Additional file 1: Table S1.

Mock ID and strain taxonomic information. Table S2. Assembly and genome reconstruction quality statistics generated from the Kit 9 dataset of the activated sludge microbiome by different cutoffs of read-accuracy filtering. Table S3. Genome reconstruction comparison between Nanopore long reads (Kit 9) and Illumina short reads.

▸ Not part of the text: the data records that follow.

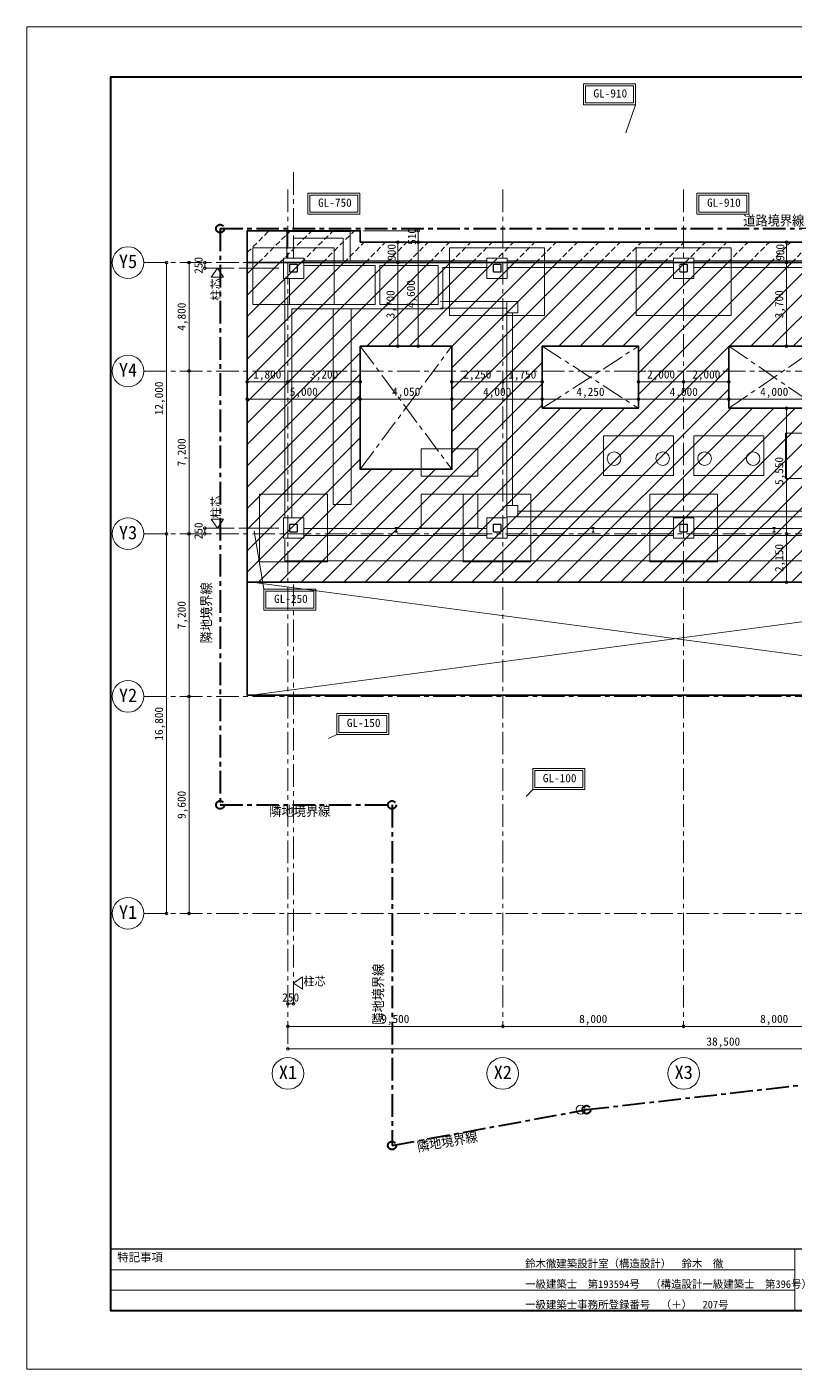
# Model space of a CAD drawing. Units: millimetres at full size, sheet at 1:200. Extents: x -104640 to 71710, y -46154 to 74864.
# Drawn here: x -104640 to -70668, y 15464 to 74864 of the extents above; entities that cross this region are included whole.
import ezdxf
from ezdxf.enums import TextEntityAlignment as Align

# ---------------------------------------------------------------- set-up
doc = ezdxf.new("R2010")
doc.units = ezdxf.units.MM
doc.header["$LTSCALE"] = 200
doc.linetypes.add('CHAIN1', pattern=[8, 5, -1, 1, -1])
doc.linetypes.add('DASHED1', pattern=[1.8, 1.2, -0.6])
for name, color, linetype, lineweight in [('0-0_基準線', 7, 'Continuous', 18), ('0-1_躯体', 2, 'Continuous', 18), ('0-2_間仕切り', 3, 'Continuous', 25), ('0-3_建具', 2, 'Continuous', 35), ('0-4_設備家具', 7, 'CHAIN1', 18), ('0-5_仕上げ', 4, 'Continuous', 9), ('0-7_寸法', 4, 'Continuous', 9), ('0-8_補助線', 4, 'Continuous', 9), ('0-C_ガス設備', 7, 'Continuous', 18), ('0-D_防災設備', 6, 'CHAIN1', 40), ('0-F_', 4, 'Continuous', 9), ('2-2_間仕切り', 1, 'Continuous', 18), ('F-0_枠', 7, 'CHAIN1', 18)]:
    doc.layers.add(name, color=color, linetype=linetype, lineweight=lineweight)
doc.styles.add('ＭＳ ゴシック', font='')
doc.styles.add('ＭＳ 明朝', font='')
doc.styles.get('ＭＳ ゴシック').set_extended_font_data('MS Gothic')
doc.styles.get('ＭＳ 明朝').set_extended_font_data('MS Mincho')

# ---------------------------------------------------------------- blocks, each defined once
blk = doc.blocks.new('_Small(1)')
at = {"layer": '0-7_寸法', "color": 1, "lineweight": 18}
blk.add_circle((0, 0), 50, dxfattribs=at)

msp = doc.modelspace()

# ---------------------------------------------------------------- linework, layer by layer
at = {"layer": '0-0_基準線'}
for p, q in [((-93023.1, 64328.3), (-93023.1, 64038.3)), ((-93011.1, 64328.3), (-93011.1, 64038.3)), ((-92703.1, 64358.3), (-92993.1, 64358.3)), ((-92703.1, 64346.3), (-92993.1, 64346.3)), ((-92685.1, 64038.3), (-92685.1, 64328.3)), ((-92673.1, 64038.3), (-92673.1, 64328.3)), ((-84023.1, 64328.3), (-84023.1, 64038.3)), ((-84011.1, 64328.3), (-84011.1, 64038.3)), ((-83703.1, 64358.3), (-83993.1, 64358.3)), ((-83703.1, 64346.3), (-83993.1, 64346.3)), ((-83685.1, 64038.3), (-83685.1, 64328.3)), ((-83673.1, 64038.3), (-83673.1, 64328.3)), ((-75773.1, 64328.3), (-75773.1, 64038.3)), ((-75761.1, 64328.3), (-75761.1, 64038.3)), ((-75453.1, 64358.3), (-75743.1, 64358.3)), ((-75453.1, 64346.3), (-75743.1, 64346.3)), ((-75435.1, 64038.3), (-75435.1, 64328.3)), ((-75423.1, 64038.3), (-75423.1, 64328.3)), ((-92993.1, 64020.3), (-92703.1, 64020.3)), ((-92993.1, 64008.3), (-92703.1, 64008.3)), ((-83993.1, 64020.3), (-83703.1, 64020.3)), ((-83993.1, 64008.3), (-83703.1, 64008.3)), ((-75743.1, 64020.3), (-75453.1, 64020.3)), ((-75743.1, 64008.3), (-75453.1, 64008.3)), ((-93023.1, 52828.3), (-93023.1, 52538.3)), ((-93011.1, 52828.3), (-93011.1, 52538.3)), ((-92703.1, 52858.3), (-92993.1, 52858.3)), ((-92703.1, 52846.3), (-92993.1, 52846.3)), ((-92993.1, 52520.3), (-92703.1, 52520.3)), ((-92993.1, 52508.3), (-92703.1, 52508.3)), ((-92685.1, 52538.3), (-92685.1, 52828.3)), ((-92673.1, 52538.3), (-92673.1, 52828.3)), ((-88300.8, 52692.3), (-88300.8, 52524.3)), ((-88295.3, 52524.3), (-88295.3, 52692.3)), ((-84023.1, 52828.3), (-84023.1, 52538.3)), ((-84011.1, 52828.3), (-84011.1, 52538.3)), ((-83703.1, 52858.3), (-83993.1, 52858.3)), ((-83703.1, 52846.3), (-83993.1, 52846.3)), ((-83993.1, 52520.3), (-83703.1, 52520.3)), ((-83993.1, 52508.3), (-83703.1, 52508.3)), ((-83685.1, 52538.3), (-83685.1, 52828.3)), ((-83673.1, 52538.3), (-83673.1, 52828.3)), ((-79600.8, 52692.3), (-79600.8, 52524.3)), ((-79595.3, 52524.3), (-79595.3, 52692.3)), ((-75773.1, 52828.3), (-75773.1, 52538.3)), ((-75761.1, 52828.3), (-75761.1, 52538.3)), ((-75453.1, 52858.3), (-75743.1, 52858.3)), ((-75453.1, 52846.3), (-75743.1, 52846.3)), ((-75743.1, 52520.3), (-75453.1, 52520.3)), ((-75743.1, 52508.3), (-75453.1, 52508.3)), ((-75435.1, 52538.3), (-75435.1, 52828.3)), ((-75423.1, 52538.3), (-75423.1, 52828.3)), ((-71600.8, 52692.3), (-71600.8, 52524.3)), ((-71595.3, 52524.3), (-71595.3, 52692.3))]:
    msp.add_line(p, q, dxfattribs=at)
at = {"layer": '0-0_基準線', "color": 3, "lineweight": 25}
msp.add_line((-21731.1, 20770.8), (-100931.1, 20770.8), dxfattribs=at)
at = {"layer": '0-0_基準線', "color": 6, "lineweight": 40}
msp.add_lwpolyline([(-21731.1, 18050.8), (-100931.1, 18050.8), (-100931.1, 72650.8), (-21731.1, 72650.8)], close=True, dxfattribs=at)
at = {"layer": '0-0_基準線'}
for points in [[(-88287.3, 52700.3), (-88248.1, 52700.3), (-88248.1, 52708.3), (-88348.1, 52708.3), (-88348.1, 52700.3), (-88308.8, 52700.3)], [(-88348.1, 52508.3), (-88248.1, 52508.3), (-88248.1, 52516.3), (-88287.3, 52516.3)], [(-88308.8, 52516.3), (-88348.1, 52516.3), (-88348.1, 52508.3)], [(-79587.3, 52700.3), (-79548.1, 52700.3), (-79548.1, 52708.3), (-79648.1, 52708.3), (-79648.1, 52700.3), (-79608.8, 52700.3)], [(-79648.1, 52508.3), (-79548.1, 52508.3), (-79548.1, 52516.3), (-79587.3, 52516.3)], [(-79608.8, 52516.3), (-79648.1, 52516.3), (-79648.1, 52508.3)], [(-71587.3, 52700.3), (-71548.1, 52700.3), (-71548.1, 52708.3), (-71648.1, 52708.3), (-71648.1, 52700.3), (-71608.8, 52700.3)], [(-71648.1, 52508.3), (-71548.1, 52508.3), (-71548.1, 52516.3), (-71587.3, 52516.3)], [(-71608.8, 52516.3), (-71648.1, 52516.3), (-71648.1, 52508.3)]]:
    msp.add_lwpolyline(points, dxfattribs=at)
at = {"layer": '0-0_基準線', "color": 4, "lineweight": 9}
msp.add_circle((-80148.1, 26947.3), 200, dxfattribs=at)
at = {"layer": '0-0_基準線'}
for centre, radius, start, end in [((-92993.1, 64328.3), 30, 90, 180), ((-92993.1, 64328.3), 18, 90, 180), ((-92703.1, 64328.3), 30, 0, 90), ((-92703.1, 64328.3), 18, 0, 90), ((-83993.1, 64328.3), 30, 90, 180), ((-83993.1, 64328.3), 18, 90, 180), ((-83703.1, 64328.3), 30, 0, 90), ((-83703.1, 64328.3), 18, 0, 90), ((-75743.1, 64328.3), 30, 90, 180), ((-75743.1, 64328.3), 18, 90, 180), ((-75453.1, 64328.3), 30, 0, 90), ((-75453.1, 64328.3), 18, 0, 90), ((-92993.1, 64038.3), 30, 180, 270), ((-92993.1, 64038.3), 18, 180, 270), ((-92703.1, 64038.3), 18, 270, 0), ((-92703.1, 64038.3), 30, 270, 0), ((-83993.1, 64038.3), 30, 180, 270), ((-83993.1, 64038.3), 18, 180, 270), ((-83703.1, 64038.3), 18, 270, 0), ((-83703.1, 64038.3), 30, 270, 0), ((-75743.1, 64038.3), 30, 180, 270), ((-75743.1, 64038.3), 18, 180, 270), ((-75453.1, 64038.3), 18, 270, 0), ((-75453.1, 64038.3), 30, 270, 0), ((-92993.1, 52828.3), 30, 90, 180), ((-92993.1, 52538.3), 30, 180, 270), ((-92993.1, 52828.3), 18, 90, 180), ((-92993.1, 52538.3), 18, 180, 270), ((-92703.1, 52828.3), 30, 0, 90), ((-92703.1, 52828.3), 18, 0, 90), ((-92703.1, 52538.3), 18, 270, 0), ((-92703.1, 52538.3), 30, 270, 0), ((-88308.8, 52692.3), 8, 0, 90), ((-88308.8, 52524.3), 8, 270, 0), ((-88287.3, 52692.3), 8, 90, 180), ((-88287.3, 52524.3), 8, 180, 270), ((-83993.1, 52828.3), 30, 90, 180), ((-83993.1, 52538.3), 30, 180, 270), ((-83993.1, 52828.3), 18, 90, 180), ((-83993.1, 52538.3), 18, 180, 270), ((-83703.1, 52828.3), 30, 0, 90), ((-83703.1, 52828.3), 18, 0, 90), ((-83703.1, 52538.3), 18, 270, 0), ((-83703.1, 52538.3), 30, 270, 0), ((-79608.8, 52692.3), 8, 0, 90), ((-79608.8, 52524.3), 8, 270, 0), ((-79587.3, 52692.3), 8, 90, 180), ((-79587.3, 52524.3), 8, 180, 270), ((-75743.1, 52828.3), 30, 90, 180), ((-75743.1, 52538.3), 30, 180, 270), ((-75743.1, 52828.3), 18, 90, 180), ((-75743.1, 52538.3), 18, 180, 270), ((-75453.1, 52828.3), 30, 0, 90), ((-75453.1, 52828.3), 18, 0, 90), ((-75453.1, 52538.3), 18, 270, 0), ((-75453.1, 52538.3), 30, 270, 0), ((-71608.8, 52692.3), 8, 0, 90), ((-71608.8, 52524.3), 8, 270, 0), ((-71587.3, 52692.3), 8, 90, 180), ((-71587.3, 52524.3), 8, 180, 270)]:
    msp.add_arc(centre, radius, start, end, dxfattribs=at)
at = {"layer": '0-1_躯体', "color": 7}
msp.add_line((-70679.1, 18050.8), (-70679.1, 20770.8), dxfattribs=at)
for points in [[(-94648.1, 62583.1), (-91048.1, 62583.1), (-91048.1, 65083.1), (-94648.1, 65083.1)], [(-85948.1, 62083.1), (-81748.1, 62083.1), (-81748.1, 65083.1), (-85948.1, 65083.1)], [(-77698.1, 62083.1), (-73498.1, 62083.1), (-73498.1, 65083.1), (-77698.1, 65083.1)], [(-94348.1, 54183.3), (-91348.1, 54183.3), (-91348.1, 51183.3), (-94348.1, 51183.3)], [(-85348.1, 54183.3), (-82348.1, 54183.3), (-82348.1, 51183.3), (-85348.1, 51183.3)], [(-77098.1, 54183.3), (-74098.1, 54183.3), (-74098.1, 51183.3), (-77098.1, 51183.3)]]:
    msp.add_lwpolyline(points, close=True, dxfattribs=at)
at = {"layer": '0-2_間仕切り', "color": 7, "lineweight": 18}
for p, q in [((-90593.5, 64508.3), (-92398.1, 64508.3)), ((-84298.1, 64508.3), (-92398.1, 64508.3)), ((-89035.6, 64244.6), (-89035.6, 62583.3)), ((-84298.1, 64208.3), (-86245.6, 64208.3)), ((-76048.1, 64508.3), (-83398.1, 64508.3)), ((-76048.1, 64208.3), (-83398.1, 64208.3)), ((-68048.1, 64508.3), (-75148.1, 64508.3)), ((-68048.1, 64208.3), (-75148.1, 64208.3)), ((-93228.1, 63733.3), (-93228.1, 53133.3)), ((-89035.6, 62383.3), (-92928.1, 62383.3)), ((-92928.1, 62383.3), (-92928.1, 53133.3)), ((-92398.1, 52658.3), (-84298.1, 52658.3)), ((-92398.1, 52358.3), (-84298.1, 52358.3)), ((-83398.1, 52658.3), (-76048.1, 52658.3)), ((-83398.1, 52358.3), (-76048.1, 52358.3)), ((-75148.1, 52658.3), (-68048.1, 52658.3)), ((-75148.1, 52358.3), (-68048.1, 52358.3))]:
    msp.add_line(p, q, dxfattribs=at)
at = {"layer": '0-2_間仕切り', "color": 4, "lineweight": 9}
for p, q in [((-70679.1, 19864.1), (-100931.1, 19864.1)), ((-70679.1, 18957.4), (-100931.1, 18957.4))]:
    msp.add_line(p, q, dxfattribs=at)
at = {"layer": '0-2_間仕切り', "color": 7, "lineweight": 18}
for points in [[(-90351.2, 64508.7), (-90351.2, 65808.7), (-93151.2, 65808.7), (-93151.2, 64633.3)], [(-90651.2, 64508.7), (-90651.2, 65508.7), (-92851.2, 65508.7), (-92851.2, 64633.3)], [(-92398.1, 64308.3), (-89235.6, 64308.3), (-89235.6, 62580.8), (-93028.1, 62580.8), (-93028.1, 63733.3)], [(-86245.6, 64208.3), (-86245.6, 62383.3), (-89035.6, 62383.3)], [(-93228.1, 52183.3), (-93228.1, 51233.3), (-55253.1, 51233.3), (-55253.1, 45298.3), (-54848.1, 44893.3)]]:
    msp.add_lwpolyline(points, dxfattribs=at)
for points in [[(-93298.1, 64633.3), (-92398.1, 64633.3), (-92398.1, 63733.3), (-93298.1, 63733.3)], [(-89035.6, 64308.3), (-86445.6, 64308.3), (-86445.6, 62583.3), (-89035.6, 62583.3)], [(-84298.1, 64633.3), (-83398.1, 64633.3), (-83398.1, 63733.3), (-84298.1, 63733.3)], [(-76048.1, 64633.3), (-75148.1, 64633.3), (-75148.1, 63733.3), (-76048.1, 63733.3)], [(-93298.1, 53133.3), (-92398.1, 53133.3), (-92398.1, 52233.3), (-93298.1, 52233.3)], [(-84298.1, 53133.3), (-83398.1, 53133.3), (-83398.1, 52233.3), (-84298.1, 52233.3)], [(-76048.1, 53133.3), (-75148.1, 53133.3), (-75148.1, 52233.3), (-76048.1, 52233.3)]]:
    msp.add_lwpolyline(points, close=True, dxfattribs=at)
at = {"layer": '0-3_建具'}
for p, q in [((-67187.7, 65333.1), (-89898.1, 65333.1)), ((-94898.1, 64433.3), (-26098.2, 64433.3))]:
    msp.add_line(p, q, dxfattribs=at)
for points in [[(-94898.1, 65333.1), (-94898.1, 65843.5), (-89898.1, 65843.5), (-89898.1, 65333.1)], [(-94898.1, 65333.1), (-94898.1, 50283.3), (-57248.1, 50283.3), (-57248.1, 34883.4)], [(-57248.1, 45283.3), (-94898.1, 45283.3), (-94898.1, 50283.3)]]:
    msp.add_lwpolyline(points, dxfattribs=at)
for points in [[(-89898.1, 60733.3), (-85848.1, 60733.3), (-85848.1, 55283.7), (-89898.1, 55283.7)], [(-81848.1, 57983.3), (-77598.1, 57983.3), (-77598.1, 60733.3), (-81848.1, 60733.3)], [(-73598.1, 60733.3), (-69598.1, 60733.3), (-69598.1, 57983.3), (-73598.1, 57983.3)]]:
    msp.add_lwpolyline(points, close=True, dxfattribs=at)
at = {"layer": '0-4_設備家具'}
for p, q in [((-89898.1, 55283.7), (-85848.1, 60733.3)), ((-89898.1, 60733.3), (-85848.1, 55283.7)), ((-81848.1, 57983.3), (-77598.1, 60733.3)), ((-81848.1, 60733.3), (-77598.1, 57983.3)), ((-73598.1, 57983.3), (-69598.1, 60733.3)), ((-73598.1, 60733.3), (-69598.1, 57983.3))]:
    msp.add_line(p, q, dxfattribs=at)
at = {"layer": '0-4_設備家具', "linetype": 'Continuous'}
for p, q in [((-57248.1, 50283.3), (-94698.1, 45283.3)), ((-94698.1, 50283.3), (-57248.1, 45283.3))]:
    msp.add_line(p, q, dxfattribs=at)
at = {"layer": '0-5_仕上げ'}
for p, q in [((-77732.1, 71410.6), (-78157.6, 70171.3)), ((-94154.5, 49973.2), (-94587.2, 52561.1)), ((-91303, 43370.6), (-90938.8, 43554.4)), ((-82559.6, 40805.6), (-82271, 41109.5))]:
    msp.add_line(p, q, dxfattribs=at)
for points in [[(-80030.8, 72338.5), (-77732.1, 72338.5), (-77732.1, 71410.6), (-80030.8, 71410.6)], [(-79943.2, 72250.8), (-77819.7, 72250.8), (-77819.7, 71498.2), (-79943.2, 71498.2)], [(-92209.5, 67503.5), (-89910.9, 67503.5), (-89910.9, 66575.6), (-92209.5, 66575.6)], [(-92121.9, 67415.9), (-89998.5, 67415.9), (-89998.5, 66663.2), (-92121.9, 66663.2)], [(-75008.2, 67503.5), (-72709.5, 67503.5), (-72709.5, 66575.6), (-75008.2, 66575.6)], [(-74920.6, 67415.9), (-72797.1, 67415.9), (-72797.1, 66663.2), (-74920.6, 66663.2)], [(-94154.5, 49973.2), (-91855.9, 49973.2), (-91855.9, 49045.3), (-94154.5, 49045.3)], [(-94066.9, 49885.6), (-91943.5, 49885.6), (-91943.5, 49132.9), (-94066.9, 49132.9)], [(-90938.8, 44482.3), (-88640.1, 44482.3), (-88640.1, 43554.4), (-90938.8, 43554.4)], [(-90851.2, 44394.6), (-88727.7, 44394.6), (-88727.7, 43642), (-90851.2, 43642)], [(-82271, 42037.3), (-79972.3, 42037.3), (-79972.3, 41109.5), (-82271, 41109.5)], [(-82183.3, 41949.7), (-80059.9, 41949.7), (-80059.9, 41197.1), (-82183.3, 41197.1)]]:
    msp.add_lwpolyline(points, close=True, dxfattribs=at)
at = {"layer": '0-7_寸法'}
for p, q in [((-89747.5, 65843.5), (-87603.4, 65843.5)), ((-87603.4, 65843.5), (-87332.1, 65843.5)), ((-87332.1, 65333.1), (-87332.1, 65843.5)), ((-88233.5, 64433.3), (-88233.5, 65333.1)), ((-87332.1, 60733.3), (-87332.1, 65333.1)), ((-71045.8, 64433.3), (-71045.8, 65333.1)), ((-98470, 52433.3), (-98470, 64433.3)), ((-97470, 59633.3), (-97470, 64433.3)), ((-96470, 64433.3), (-96770, 64433.3)), ((-96770, 64183.3), (-96770, 64433.3)), ((-96470, 64183.3), (-96770, 64183.3)), ((-88233.5, 60733.3), (-88233.5, 64433.3)), ((-71045.8, 60733.3), (-71045.8, 64433.3)), ((-97470, 52433.3), (-97470, 59633.3)), ((-94898.1, 59152.8), (-93098.1, 59152.8)), ((-93098.1, 59152.8), (-89898.1, 59152.8)), ((-89898.1, 59223.5), (-89898.1, 59152.8)), ((-83598.1, 59152.8), (-81848.1, 59152.8)), ((-81848.1, 59215.6), (-81848.1, 59152.8)), ((-77598.1, 59152.8), (-75598.1, 59152.8)), ((-75598.1, 59090), (-75598.1, 59152.8)), ((-94898.1, 58387.6), (-89898.1, 58387.6)), ((-89898.1, 58387.6), (-85848.1, 58387.6)), ((-85848.1, 58398.2), (-85848.1, 58387.6)), ((-81848.1, 58385), (-77598.1, 58385)), ((-77598.1, 58385), (-73598.1, 58385)), ((-73598.1, 58385), (-69598.1, 58385)), ((-71045.8, 52433.3), (-71045.8, 57983.3)), ((-98470, 35633.3), (-98470, 52433.3)), ((-97470, 45233.3), (-97470, 52433.3)), ((-96470, 52683.3), (-96770, 52683.3)), ((-96770, 52433.3), (-96770, 52683.3)), ((-96470, 52433.3), (-96770, 52433.3)), ((-71045.8, 50283.3), (-71045.8, 52433.3)), ((-97470, 35633.3), (-97470, 45233.3)), ((-93098.1, 31633.3), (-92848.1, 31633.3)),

Figure S1. Guppy predicted mean read quality scores with different versions versus read mapping accuracy as measured by alignment to the reference genome. Nanopore raw reads were basecalled by a, Guppy v3.0.3 (hac), b, Guppy v4.0.11 (hac), c, Guppy v5.0.16/6.0.0 (sup) and d, Guppy v6.0.0 with the Q20+ chemistry (sup) then 10K reads were subsampled for the comparison. The orange dashed line indicates the perfect correlation between the two quantities. Figure S2. The homopolymer identification improvement of Nanopore raw reads due to the basecaller and chemistry upgrades. Nanopore raw reads were basecalled by a, Guppy v3.0.3 (hac), b, Guppy v4.0.11 (hac), c, Guppy v5.0.16/6.0.0 (sup) and d, Guppy v6.0.0 with the Q20+ chemistry (sup), then one million reads were subsampled for computing homopolymer identification by comparing the basecalled reads to the reference genome using Counterr. The black dashed line indicates the true homopolymer length. Figure S3. The IDEEL distribution of reconstructed MAGs from the Kit 9 and Q20+ datasets. The dashed line represents the IDEEL score of reference genomes. Genomes generated from the Q20+ chemistry showed better IDEEL scores.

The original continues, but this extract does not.